§ **Work required**
Beginning at the line containing "Speed Tracking Redar System/1(Ahead_veh_speed)" in the material below and ending at the line containing "Enhanced Vehical Model/2(veh_dist)", return each line exactly and add nothing.

=== Begin Enclosure ===

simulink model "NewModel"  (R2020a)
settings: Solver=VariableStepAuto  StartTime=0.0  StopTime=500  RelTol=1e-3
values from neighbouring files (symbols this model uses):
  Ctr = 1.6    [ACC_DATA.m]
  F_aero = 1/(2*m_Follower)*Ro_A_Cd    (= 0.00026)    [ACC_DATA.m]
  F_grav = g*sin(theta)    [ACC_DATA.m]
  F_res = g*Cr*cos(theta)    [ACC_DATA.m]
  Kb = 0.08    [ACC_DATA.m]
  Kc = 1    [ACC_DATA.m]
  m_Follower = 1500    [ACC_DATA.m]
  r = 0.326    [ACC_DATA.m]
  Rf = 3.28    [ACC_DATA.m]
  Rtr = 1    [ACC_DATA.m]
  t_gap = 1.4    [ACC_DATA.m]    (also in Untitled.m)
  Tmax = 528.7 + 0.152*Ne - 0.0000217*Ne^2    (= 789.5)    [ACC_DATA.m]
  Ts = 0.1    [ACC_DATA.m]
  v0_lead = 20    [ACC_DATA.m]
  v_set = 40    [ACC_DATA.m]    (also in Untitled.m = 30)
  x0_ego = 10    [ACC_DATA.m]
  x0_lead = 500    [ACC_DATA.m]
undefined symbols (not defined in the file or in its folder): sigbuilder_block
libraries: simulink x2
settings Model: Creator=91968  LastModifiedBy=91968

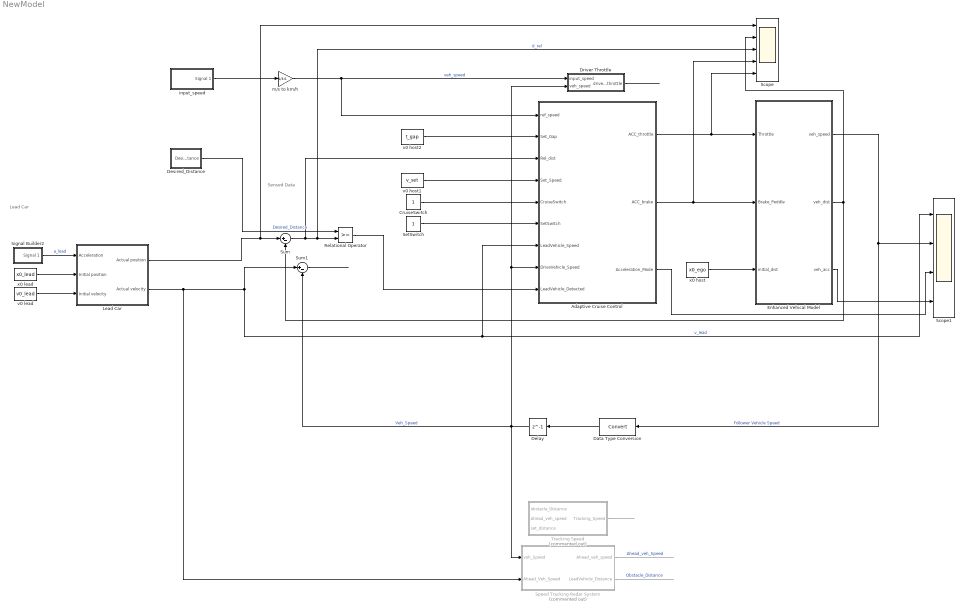
== system NewModel ==
  note: Lead Car
  note: Sensed Data
  Adaptive Cruise Control : Subsystem
  CruiseSwitch : Constant
  Data Type Conversion : DataTypeConversion
  Delay : Delay  DelayLength=1  InitialCondition=0
  Desired_Distance : Subsystem  mask{Desired_Distance=50.0}
      mask DialogControl DescGroupVar Prompt: Set Desired Distance
      mask Display: image('C:\Users\Talha Rao\Pictures\070558928_iconm (2).jpeg');
  Driver Throttle : Subsystem
  Enhanced Vehical Model : Subsystem
  Lead Car : Subsystem
  Relational Operator : RelationalOperator  OutDataTypeStr=boolean  RndMeth=Simplest
  Scope : Scope  NumInputPorts=5
  Scope1 : Scope  NumInputPorts=4
  SetSwitch : Constant
  Signal Builder2 : Subsystem  Tag=STV Subsys  LoadFcn=sigbuilder_block('load');  StartFcn=sigbuilder_block('start');  StopFcn=sigbuilder_block('stop');  ClipboardFcn=sigbuilder_block('clipboard');  mask(Sigbuilder block){tuvar=[0:10]}
      mask help: Simulink:masks:SigbuilderBlock_MD
      mask init:
      | if ~strcmp(get_param(bdroot(gcbh),'SimulationStatus'),'stopped') tuvar = sigbuilder_block('maskInit'); end
      settings: CopyFcn=sigbuilder_block('copy');  DeleteFcn=sigbuilder_block('delete');  ModelCloseFcn=sigbuilder_block('modelClose');  PreSaveFcn=sigbuilder_block('preSave');  PauseFcn=sigbuilder_block('pause');  ContinueFcn=sigbuilder_block('continue');  NameChangeFcn=sigbuilder_block('namechange');  OpenFcn=sigbuilder_block('open',[883.5 285.75 550.5 318.75 ]);  CloseFcn=sigbuilder_block('close');
      mask Display: plot(0, 0, 100, 100,[2, 2, 32, 32, 2], [68, 8, 8, 68, 68],[32, 2], [38, 38], [32, 19, 2],[53, 60, 44], [32, 17, 17, 2],[16, 16, 31, 31]);txt = getActiveGroup(gcbh);text(2, 100, txt,'verticalAlignment', 'top');
  Speed Tracking Redar System : Subsystem  Commented=on
  Sum : Sum  Inputs=|+-
  Sum1 : Sum  Inputs=|+-
  Tracking Speed : Subsystem  Commented=on
  input_speed : Subsystem  Tag=STV Subsys  LoadFcn=sigbuilder_block('load');  StartFcn=sigbuilder_block('start');  StopFcn=sigbuilder_block('stop');  ClipboardFcn=sigbuilder_block('clipboard');  mask(Sigbuilder block){tuvar=[0:10]}
      mask help: Simulink:masks:SigbuilderBlock_MD
      mask init:
      | if ~strcmp(get_param(bdroot(gcbh),'SimulationStatus'),'stopped') tuvar = sigbuilder_block('maskInit'); end
      settings: CopyFcn=sigbuilder_block('copy');  DeleteFcn=sigbuilder_block('delete');  ModelCloseFcn=sigbuilder_block('modelClose');  PreSaveFcn=sigbuilder_block('preSave');  PauseFcn=sigbuilder_block('pause');  ContinueFcn=sigbuilder_block('continue');  NameChangeFcn=sigbuilder_block('namechange');  OpenFcn=sigbuilder_block('open',[167.25 146.25 1152 549.75 ]);  CloseFcn=sigbuilder_block('close');
      mask Display: plot(0, 0, 100, 100,[2, 2, 32, 32, 2], [68, 8, 8, 68, 68],[32, 2], [38, 38], [32, 19, 2],[53, 60, 44], [32, 17, 17, 2],[16, 16, 31, 31]);txt = getActiveGroup(gcbh);text(2, 100, txt,'verticalAlignment', 'top');
  m/s to km/h : Gain  Gain=1/3.6
  v0 host1 : Constant  Value=v_set  SampleTime=Ts
  v0 host2 : Constant  Value=t_gap  SampleTime=Ts
  v0 lead : Constant  Value=v0_lead  SampleTime=Ts
  x0 host : Constant  Value=x0_ego  SampleTime=Ts
  x0 lead : Constant  Value=x0_lead  SampleTime=Ts
  wires:
  x0 lead/1 -> Lead Car/2(Initial position)
  v0 lead/1 -> Lead Car/3(Initial velocity)
  Signal Builder2/1(Signal 1) -> Lead Car/1(Acceleration)  "a_lead"
  Lead Car/1(Actual position) -> Scope/1, Sum/1
  Lead Car/2(Actual velocity) -> Speed Tracking Redar System/2(Ahead_Veh_Speed), Scope1/1, Adaptive Cruise Control/7(LeadVehicle_Speed), Sum1/1  "v_lead"
  Delay/1 -> Speed Tracking Redar System/1(veh_Speed), Sum1/2, Adaptive Cruise Control/8(DriveVehicle_Speed), Driver Throttle/2(veh_speed)  "Veh_Speed"
  Speed Tracking Redar System/2(LeadVehicle_Distance) -> ?  "Obstacle_Distance"
  Speed Tracking Redar System/1(Ahead_veh_speed) -> ?  "Ahead_veh_Speed"
  Desired_Distance/1(Desired_Distance) -> Relational Operator/1  "Desired_Distance"
  Enhanced Vehical Model/1(veh_speed) -> Scope1/2, Data Type Conversion/1  "Follower Vehicle Speed"
  Sum/1 -> Scope/3, Relational Operator/2, Adaptive Cruise Control/3(Rel_dist)  "d_rel"
  x0 host/1 -> Enhanced Vehical Model/3(initial_dist)
  Enhanced Vehical Model/2(veh_dist) -> Sum/2, Scope/2
  Data Type Conversion/1 -> Delay/1
  v0 host2/1 -> Adaptive Cruise Control/2(Set_Gap)
  v0 host1/1 -> Adaptive Cruise Control/4(Set_Speed)
  CruiseSwitch/1 -> Adaptive Cruise Control/5(CruiseSwitch)
  SetSwitch/1 -> Adaptive Cruise Control/6(SetSwitch)
  Relational Operator/1 -> Adaptive Cruise Control/9(LeadVehicle_Detected)
  input_speed/1(Signal 1) -> m/s to km/h/1
  Adaptive Cruise Control/1(ACC_throttle) -> Scope/5, Enhanced Vehical Model/1(Throttle)
  Adaptive Cruise Control/2(ACC_brake) -> Scope/4, Enhanced Vehical Model/2(Brake_Peddle)
  Tracking Speed/1(Tracking_Speed) -> ?
  Sum1/1 -> ?
  Driver Throttle/1(driver_throttle) -> ?
  Enhanced Vehical Model/3(veh_acc) -> Scope1/4
  Adaptive Cruise Control/3(Acceleration_Mode) -> Scope1/3
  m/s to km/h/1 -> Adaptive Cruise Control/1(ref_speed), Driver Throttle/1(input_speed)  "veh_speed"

=== End Enclosure ===

§ **Exercise solution**
  Speed Tracking Redar System/1(Ahead_veh_speed) -> ?  "Ahead_veh_Speed"
  Desired_Distance/1(Desired_Distance) -> Relational Operator/1  "Desired_Distance"
  Enhanced Vehical Model/1(veh_speed) -> Scope1/2, Data Type Conversion/1  "Follower Vehicle Speed"
  Sum/1 -> Scope/3, Relational Operator/2, Adaptive Cruise Control/3(Rel_dist)  "d_rel"
  x0 host/1 -> Enhanced Vehical Model/3(initial_dist)
  Enhanced Vehical Model/2(veh_dist) -> Sum/2, Scope/2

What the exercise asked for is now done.